Each example answers a design question before it answers a structural one:

  • What fact would a conventional tensor notation hide here?
  • Which later phase would need that fact back?
  • What does the visible-index form force into the source?

Then it answers the structural questions:

  • Which binding is being added to the environment?
  • Which indices are free and therefore survive?
  • Which indices are local to a sum, max, or recurrence rule?
  • What dependency relation can the compiler preserve?

Then it answers the practical questions:

  • What concrete coordinate would you test by hand?
  • What small mistake would this notation catch early?
  • What phrase keeps the example precise enough to remember?

Code Fence Labels

The examples use three fence labels:

  • python shows a familiar tensor-programming contrast.
  • rust marks Einlang library excerpts.
  • text marks equations, coordinate readings, and compiler-visible structure.

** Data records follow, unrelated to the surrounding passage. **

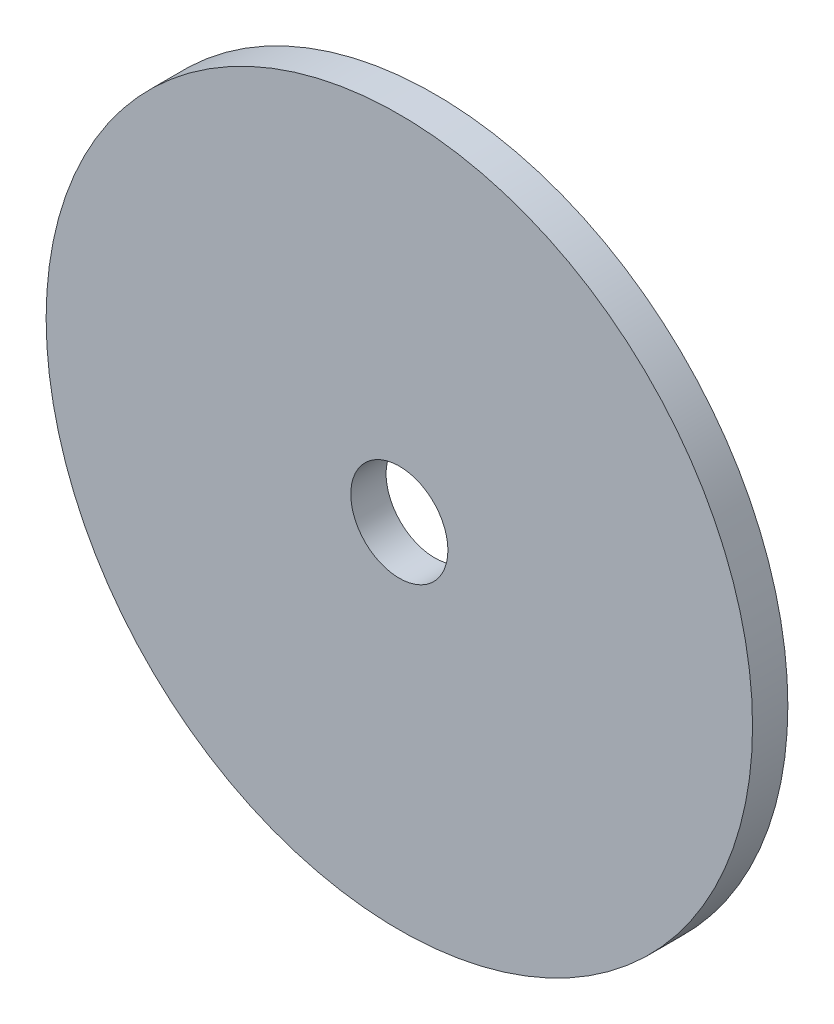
from build123d import *

# Parameters (mm, degrees)
SKETCH1_R           = 25.4
SKETCH1_R_2         = 3.4925
BOSS_EXTRUDE1_DEPTH = 2.54


with BuildPart() as part:
    # Sketch1 → Boss-Extrude1 (new body)
    with BuildSketch(Plane.XY):
        Circle(SKETCH1_R)
        Circle(SKETCH1_R_2, mode=Mode.SUBTRACT)
    extrude(amount=BOSS_EXTRUDE1_DEPTH)


solid = part.part
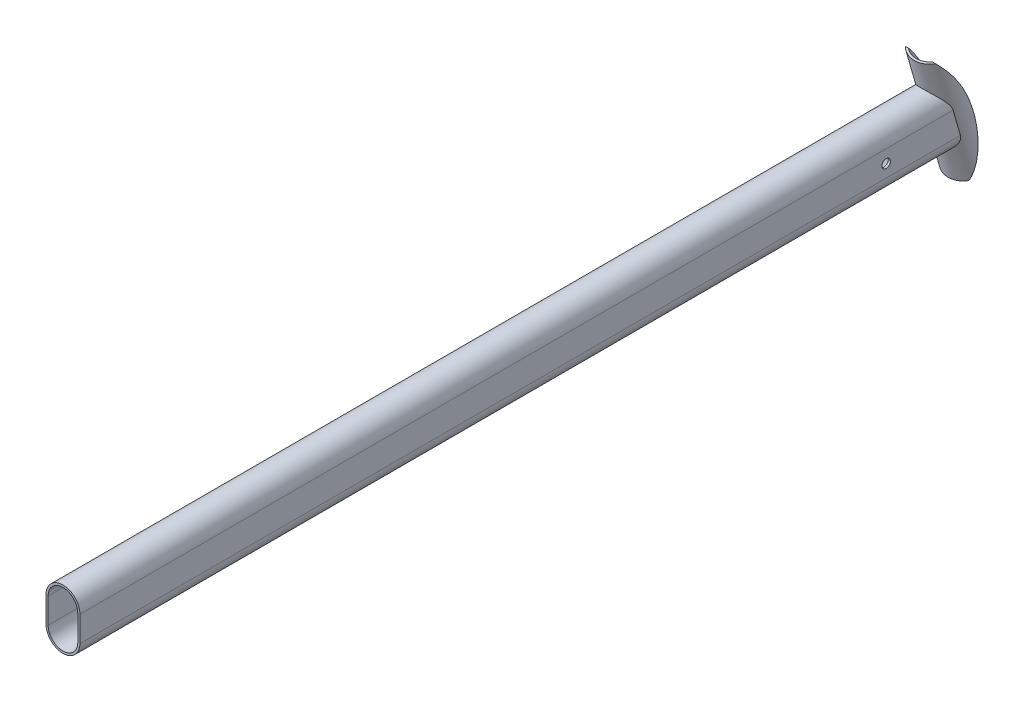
ISO-10303-21;
HEADER;
FILE_DESCRIPTION(('STEP AP214'),'2;1');
FILE_NAME('part.step','',(''),(''),'','','');
FILE_SCHEMA(('AUTOMOTIVE_DESIGN { 1 0 10303 214 1 1 1 1 }'));
ENDSEC;
DATA;
#1=APPLICATION_CONTEXT('core data for automotive mechanical design processes');
#2=APPLICATION_PROTOCOL_DEFINITION('international standard','automotive_design',2000,#1);
#3=PRODUCT_CONTEXT('',#1,'mechanical');
#4=PRODUCT('Part','Part','',(#3));
#5=PRODUCT_RELATED_PRODUCT_CATEGORY('part','',(#4));
#6=PRODUCT_DEFINITION_FORMATION('','',#4);
#7=PRODUCT_DEFINITION_CONTEXT('part definition',#1,'design');
#8=PRODUCT_DEFINITION('design','',#6,#7);
#9=PRODUCT_DEFINITION_SHAPE('','',#8);
#10=(LENGTH_UNIT() NAMED_UNIT(*) SI_UNIT(.MILLI.,.METRE.));
#11=(NAMED_UNIT(*) PLANE_ANGLE_UNIT() SI_UNIT($,.RADIAN.));
#12=(NAMED_UNIT(*) SI_UNIT($,.STERADIAN.) SOLID_ANGLE_UNIT());
#13=UNCERTAINTY_MEASURE_WITH_UNIT(LENGTH_MEASURE(1.E-05),#10,'distance_accuracy_value','');
#14=(GEOMETRIC_REPRESENTATION_CONTEXT(3) GLOBAL_UNCERTAINTY_ASSIGNED_CONTEXT((#13)) GLOBAL_UNIT_ASSIGNED_CONTEXT((#10,
#11,#12)) REPRESENTATION_CONTEXT('',''));
#15=CARTESIAN_POINT('',(0.,0.,0.));
#16=DIRECTION('',(0.,0.,1.));
#17=DIRECTION('',(1.,0.,0.));
#18=AXIS2_PLACEMENT_3D('',#15,#16,#17);
#19=CARTESIAN_POINT('',(19.9999999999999,-48.8378508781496,-8.26912067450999));
#20=DIRECTION('',(0.,0.961261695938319,0.275637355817));
#21=DIRECTION('',(0.,-0.275637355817,0.961261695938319));
#22=AXIS2_PLACEMENT_3D('',#19,#20,#21);
#23=CYLINDRICAL_SURFACE('',#22,25.);
#24=CARTESIAN_POINT('',(2.44947678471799,-53.7452729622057,8.84509398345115));
#25=CARTESIAN_POINT('',(2.28245600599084,-53.4143716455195,8.76869169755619));
#26=CARTESIAN_POINT('',(2.12004642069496,-53.0810314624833,8.69291309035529));
#27=CARTESIAN_POINT('',(1.80403994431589,-52.4099173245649,8.54278644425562));
#28=CARTESIAN_POINT('',(1.65044225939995,-52.0721437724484,8.46843827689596));
#29=CARTESIAN_POINT('',(1.20238132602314,-51.0531411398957,8.24787862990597));
#30=CARTESIAN_POINT('',(0.920458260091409,-50.3658469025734,8.10406334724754));
#31=CARTESIAN_POINT('',(0.387772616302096,-48.9799732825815,7.82439156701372));
#32=CARTESIAN_POINT('',(0.136928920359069,-48.2814288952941,7.68851486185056));
#33=CARTESIAN_POINT('',(-0.337314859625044,-46.87343339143,7.42516608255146));
#34=CARTESIAN_POINT('',(-0.560710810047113,-46.1639806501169,7.29769527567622));
#35=CARTESIAN_POINT('',(-0.980216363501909,-44.7440851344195,7.05324096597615));
#36=CARTESIAN_POINT('',(-1.17660101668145,-44.0337405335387,6.93615686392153));
#37=CARTESIAN_POINT('',(-1.54723077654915,-42.6057764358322,6.71142546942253));
#38=CARTESIAN_POINT('',(-1.72147398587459,-41.8881563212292,6.60377898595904));
#39=CARTESIAN_POINT('',(-2.04997688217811,-40.4463570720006,6.39825978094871));
#40=CARTESIAN_POINT('',(-2.20422009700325,-39.7221730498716,6.30039513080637));
#41=CARTESIAN_POINT('',(-2.49441752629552,-38.2688865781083,6.1148616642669));
#42=CARTESIAN_POINT('',(-2.63037218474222,-37.5397842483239,6.02719260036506));
#43=CARTESIAN_POINT('',(-2.88570395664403,-36.0775107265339,5.86229520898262));
#44=CARTESIAN_POINT('',(-3.00508093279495,-35.3443395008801,5.78506696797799));
#45=CARTESIAN_POINT('',(-3.22881232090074,-33.8746585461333,5.64124002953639));
#46=CARTESIAN_POINT('',(-3.33316606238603,-33.1381486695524,5.57464180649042));
#47=CARTESIAN_POINT('',(-3.62589429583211,-30.924390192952,5.39100933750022));
#48=CARTESIAN_POINT('',(-3.79391185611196,-29.4430533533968,5.29015318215));
#49=CARTESIAN_POINT('',(-4.08583743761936,-26.4732456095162,5.13235863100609));
#50=CARTESIAN_POINT('',(-4.20972691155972,-24.9847719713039,5.07543869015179));
#51=CARTESIAN_POINT('',(-4.42191842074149,-22.0043865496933,5.00598625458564));
#52=CARTESIAN_POINT('',(-4.51022251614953,-20.5124749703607,4.99345118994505));
#53=CARTESIAN_POINT('',(-4.65928468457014,-17.5152552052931,5.01303170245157));
#54=CARTESIAN_POINT('',(-4.71980908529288,-16.0099381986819,5.04551713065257));
#55=CARTESIAN_POINT('',(-4.81878772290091,-13.0002620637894,5.15584327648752));
#56=CARTESIAN_POINT('',(-4.85724186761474,-11.4959029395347,5.23368418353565));
#57=CARTESIAN_POINT('',(-4.91772019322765,-8.49014679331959,5.43465729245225));
#58=CARTESIAN_POINT('',(-4.93974699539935,-6.98874933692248,5.55778226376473));
#59=CARTESIAN_POINT('',(-4.97221444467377,-3.99017090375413,5.84922228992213));
#60=CARTESIAN_POINT('',(-4.98265474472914,-2.49299005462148,6.01753869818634));
#61=CARTESIAN_POINT('',(-4.99399846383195,0.0470560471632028,6.34191214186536));
#62=CARTESIAN_POINT('',(-4.99682385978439,1.09139641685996,6.48648387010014));
#63=CARTESIAN_POINT('',(-4.99995518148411,3.17679798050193,6.79761334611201));
#64=CARTESIAN_POINT('',(-5.00026113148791,4.21785920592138,6.96417088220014));
#65=CARTESIAN_POINT('',(-4.99936435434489,6.29629581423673,7.31920776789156));
#66=CARTESIAN_POINT('',(-4.99816153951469,7.33367097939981,7.50768839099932));
#67=CARTESIAN_POINT('',(-4.99508063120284,9.40422604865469,7.90648194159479));
#68=CARTESIAN_POINT('',(-4.99320253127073,10.4374059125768,8.11679507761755));
#69=CARTESIAN_POINT('',(-4.98943062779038,12.499416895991,8.55922647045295));
#70=CARTESIAN_POINT('',(-4.9875368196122,13.5282465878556,8.79135138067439));
#71=CARTESIAN_POINT('',(-4.98421855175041,15.580779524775,9.27724827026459));
#72=CARTESIAN_POINT('',(-4.98279409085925,16.6044827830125,9.5310201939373));
#73=CARTESIAN_POINT('',(-4.98072165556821,18.6462871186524,10.0600928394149));
#74=CARTESIAN_POINT('',(-4.98007366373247,19.6643883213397,10.3353930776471));
#75=CARTESIAN_POINT('',(-4.97968273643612,21.6945587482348,10.907404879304));
#76=CARTESIAN_POINT('',(-4.97993980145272,22.7066279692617,11.2041164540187));
#77=CARTESIAN_POINT('',(-4.9813081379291,24.7235096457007,11.8185829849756));
#78=CARTESIAN_POINT('',(-4.98241875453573,25.7283270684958,12.1363216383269));
#79=CARTESIAN_POINT('',(-4.98526492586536,27.7310419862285,12.7929041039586));
#80=CARTESIAN_POINT('',(-4.98700048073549,28.728939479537,13.1317479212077));
#81=CARTESIAN_POINT('',(-4.99069074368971,30.7174022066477,13.8304010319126));
#82=CARTESIAN_POINT('',(-4.99264545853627,31.7079672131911,14.1902109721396));
#83=CARTESIAN_POINT('',(-4.99619198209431,33.6812934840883,14.9306268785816));
#84=CARTESIAN_POINT('',(-4.99778379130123,34.6640547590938,15.3112328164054));
#85=CARTESIAN_POINT('',(-4.99984745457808,36.6209996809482,16.0929368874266));
#86=CARTESIAN_POINT('',(-5.00031969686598,37.595186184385,16.4940278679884));
#87=CARTESIAN_POINT('',(-4.99921598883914,39.5348917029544,17.3166442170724));
#88=CARTESIAN_POINT('',(-4.99764003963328,40.5004107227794,17.738169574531));
#89=CARTESIAN_POINT('',(-4.99133828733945,42.4222759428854,18.6014330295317));
#90=CARTESIAN_POINT('',(-4.98661271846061,43.3786228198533,19.0431696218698));
#91=CARTESIAN_POINT('',(-4.97273497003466,45.2817506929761,19.9466676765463));
#92=CARTESIAN_POINT('',(-4.96358288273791,46.2285318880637,20.4084287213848));
#93=CARTESIAN_POINT('',(-4.93687570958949,48.3090857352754,21.4504182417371));
#94=CARTESIAN_POINT('',(-4.91796350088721,49.4405527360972,22.0352253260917));
#95=CARTESIAN_POINT('',(-4.86863245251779,51.6879888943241,23.2333357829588));
#96=CARTESIAN_POINT('',(-4.83821407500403,52.8039586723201,23.846638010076));
#97=CARTESIAN_POINT('',(-4.7625310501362,55.019535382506,25.1012319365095));
#98=CARTESIAN_POINT('',(-4.71726664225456,56.1191425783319,25.7425231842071));
#99=CARTESIAN_POINT('',(-4.60810169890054,58.3010212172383,27.0524748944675));
#100=CARTESIAN_POINT('',(-4.54420109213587,59.3832925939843,27.7211354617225));
#101=CARTESIAN_POINT('',(-4.39394749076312,61.5225289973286,29.0806879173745));
#102=CARTESIAN_POINT('',(-4.30774011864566,62.5796113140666,29.771411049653));
#103=CARTESIAN_POINT('',(-4.10789828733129,64.67428508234,31.1781239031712));
#104=CARTESIAN_POINT('',(-3.99426300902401,65.7118759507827,31.8941143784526));
#105=CARTESIAN_POINT('',(-3.73413482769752,67.765870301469,33.3499427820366));
#106=CARTESIAN_POINT('',(-3.58764550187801,68.7822760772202,34.0897781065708));
#107=CARTESIAN_POINT('',(-3.25558514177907,70.7920724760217,35.5915723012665));
#108=CARTESIAN_POINT('',(-3.07001834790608,71.7854655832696,36.3535287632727));
#109=CARTESIAN_POINT('',(-2.73776561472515,73.3466971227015,37.5821979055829));
#110=CARTESIAN_POINT('',(-2.60610845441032,73.9227909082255,38.0425259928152));
#111=CARTESIAN_POINT('',(-2.3248703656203,75.0655353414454,38.9694645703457));
#112=CARTESIAN_POINT('',(-2.17528887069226,75.6321856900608,39.4360752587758));
#113=CARTESIAN_POINT('',(-1.85649626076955,76.7548967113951,40.3744147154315));
#114=CARTESIAN_POINT('',(-1.68730014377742,77.3109651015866,40.8461393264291));
#115=CARTESIAN_POINT('',(-1.32719087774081,78.4121000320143,41.7940538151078));
#116=CARTESIAN_POINT('',(-1.13627955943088,78.9571674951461,42.2702433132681));
#117=CARTESIAN_POINT('',(-0.728414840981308,80.0409897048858,43.2309070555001));
#118=CARTESIAN_POINT('',(-0.511211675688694,80.5796201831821,43.7154159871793));
#119=CARTESIAN_POINT('',(-0.049906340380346,81.6434571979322,44.6862379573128));
#120=CARTESIAN_POINT('',(0.194192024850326,82.1686656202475,45.1725507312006));
#121=CARTESIAN_POINT('',(0.712721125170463,83.2056391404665,46.1464145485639));
#122=CARTESIAN_POINT('',(0.987226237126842,83.7173673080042,46.6339656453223));
#123=CARTESIAN_POINT('',(1.42366060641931,84.472588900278,47.3635708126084));
#124=CARTESIAN_POINT('',(1.57329564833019,84.7223340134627,47.6065515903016));
#125=CARTESIAN_POINT('',(1.88120490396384,85.2174260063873,48.0915651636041));
#126=CARTESIAN_POINT('',(2.03947985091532,85.462772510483,48.3335978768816));
#127=CARTESIAN_POINT('',(2.20227763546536,85.70578626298,48.5749712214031));
#128=B_SPLINE_CURVE_WITH_KNOTS('',3,(#24,#25,#26,#27,#28,#29,#30,#31,#32,#33,#34,#35,#36,#37,
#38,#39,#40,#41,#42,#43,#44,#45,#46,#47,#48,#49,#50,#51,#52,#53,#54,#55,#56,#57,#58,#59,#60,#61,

The label separates executable excerpts from explanatory equations.

Missing-Coordinate Marker

The marker ~ is used in the broadcasting chapter to mean an intentionally missing coordinate:

let a[i, ~, k] = ...

Read it as a boundary annotation: the value has no dependence on that coordinate.

Likewise, expressions such as:

let y[b * group, feat * slice] = x[b, feat, group, slice]

show coordinate relationships. Implementations may spell packing, ranges, or layout constraints more explicitly.

Boundary Notes

Python and host-language interop mostly sit outside the notation’s core, but one boundary rule matters for production code: external values need receipts before tensor formulas rely on them.

let image = python::numpy::load("digit.npy") as [f32; 28, 28];
let centered[i, j] = image[i, j] - 0.5;

The Python call may load data dynamically. The cast states the contract that the tensor formula needs: rank, element type, and extents. If the file contains a flattened vector of length 784, the mismatch belongs at the boundary. The formula should not have to discover later that the value did not have row and column coordinates.

This is the boundary-receipt principle:

host language brings the value
Einlang receives a shaped contract
indexed code relies on the contract

The same idea applies to debugging. print(x) is an observation boundary; it asks the runtime to produce a concrete witness for a value that may otherwise remain symbolic, lazy, or subject to storage optimization.

The Rule of the Notation

When in doubt, ask one question:

Which coordinates are visible here?

That question is the whole experiment.